*Exercise instructions:* Output the line containing "line L10 (2.5, 2.5) -> (16.5, 2.5)" exactly. Do the same for every line after it through the end of the material, and output nothing else.
---------- Material provided
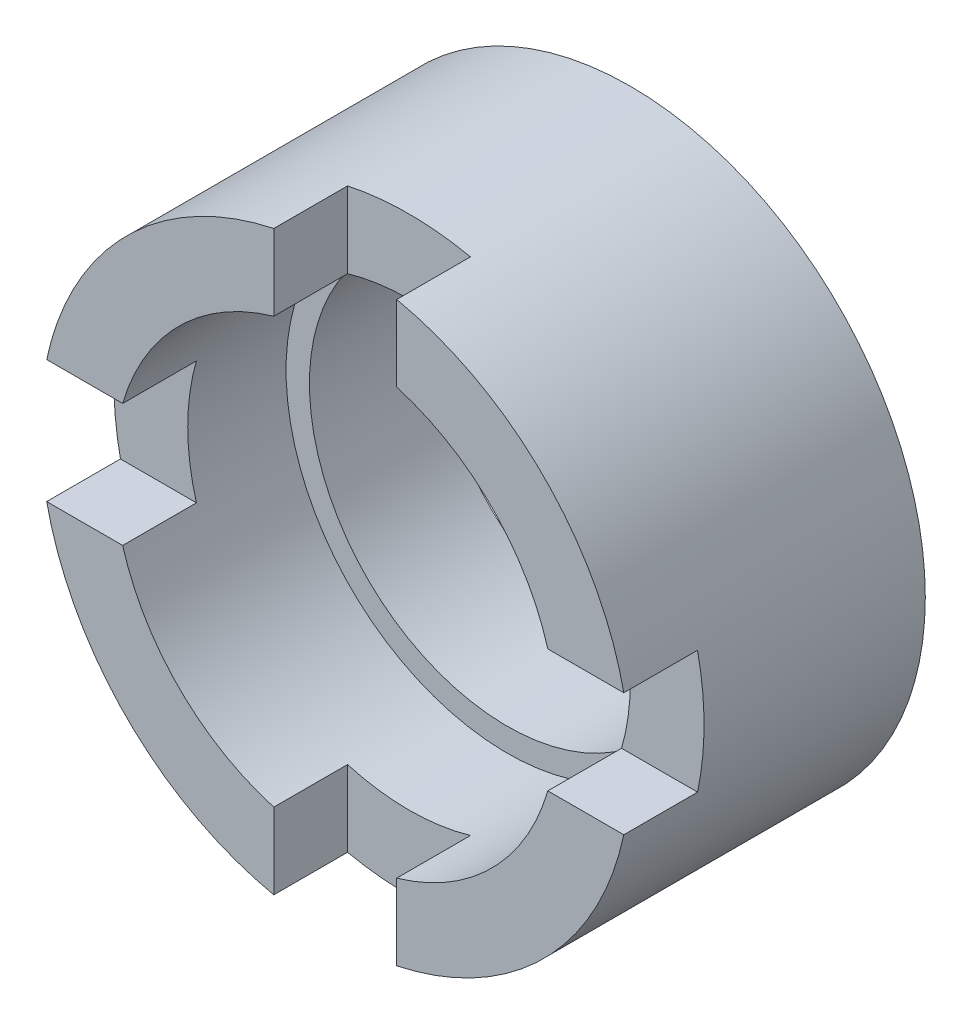
SolidWorks part; units mm, degrees
ref_plane "前视基准面" through (0, 0, 0) normal (0, 0, 1) x (1, 0, 0)
ref_plane "上视基准面" through (0, 0, 0) normal (0, 1, 0) x (1, 0, 0)
ref_plane "右视基准面" through (0, 0, 0) normal (1, 0, 0) x (0, 0, -1)
sketch "草图1" plane through (0, 0, 0) normal (0, 0, 1) x (1, 0, 0)
  circle A0 centre (0, 0) radius 8.05
  circle A1 centre (0, 0) radius 12
  dimension "D1" = 16.1
  dimension "D2" = 24
extrude "凸台-拉伸1" add sketch "草图1" along normal blind 12
sketch "草图3" plane through (0, 0, 12) normal (0, 0, 1) x (1, 0, 0)
  line L0 (-18.1676, 0) -> (19.0269, 0) construction
  line L1 (-16.5, 2.5) -> (-2.5, 2.5)
  line L2 (-16.5, 2.5) -> (-16.5, -2.5)
  line L3 (-16.5, -2.5) -> (-2.5, -2.5)
  line L4 (16.5, 2.5) -> (16.5, -2.5)
  line L5 (-2.5, 16.5) -> (2.5, 16.5)
  line L6 (-2.5, 16.5) -> (-2.5, 2.5)
  line L7 (-2.5, -16.5) -> (2.5, -16.5)
  line L8 (2.5, 16.5) -> (2.5, 2.5)
  line L9 (0, 13.161) -> (0, -13.4065) construction
  line L10 (2.5, 2.5) -> (16.5, 2.5)
  line L11 (-2.5, -2.5) -> (-2.5, -16.5)
  line L12 (2.5, -2.5) -> (16.5, -2.5)
  line L13 (2.5, -2.5) -> (2.5, -16.5)
  dimension "D1" = 5
  dimension "D2" = 14
  dimension "D3" = 14
extrude "切除-拉伸1" cut sketch "草图3" against normal blind 3
sketch "草图4" plane through (0, 0, 12) normal (0, 0, 1) x (1, 0, 0)
  circle A0 centre (0, 0) radius 9
  dimension "D1" = 18
extrude "切除-拉伸2" cut sketch "草图4" against normal blind 7
--------------------
*Task solution:*
  line L10 (2.5, 2.5) -> (16.5, 2.5)
  line L11 (-2.5, -2.5) -> (-2.5, -16.5)
  line L12 (2.5, -2.5) -> (16.5, -2.5)
  line L13 (2.5, -2.5) -> (2.5, -16.5)
  dimension "D1" = 5
  dimension "D2" = 14
  dimension "D3" = 14
extrude "切除-拉伸1" cut sketch "草图3" against normal blind 3
sketch "草图4" plane through (0, 0, 12) normal (0, 0, 1) x (1, 0, 0)
  circle A0 centre (0, 0) radius 9
  dimension "D1" = 18
extrude "切除-拉伸2" cut sketch "草图4" against normal blind 7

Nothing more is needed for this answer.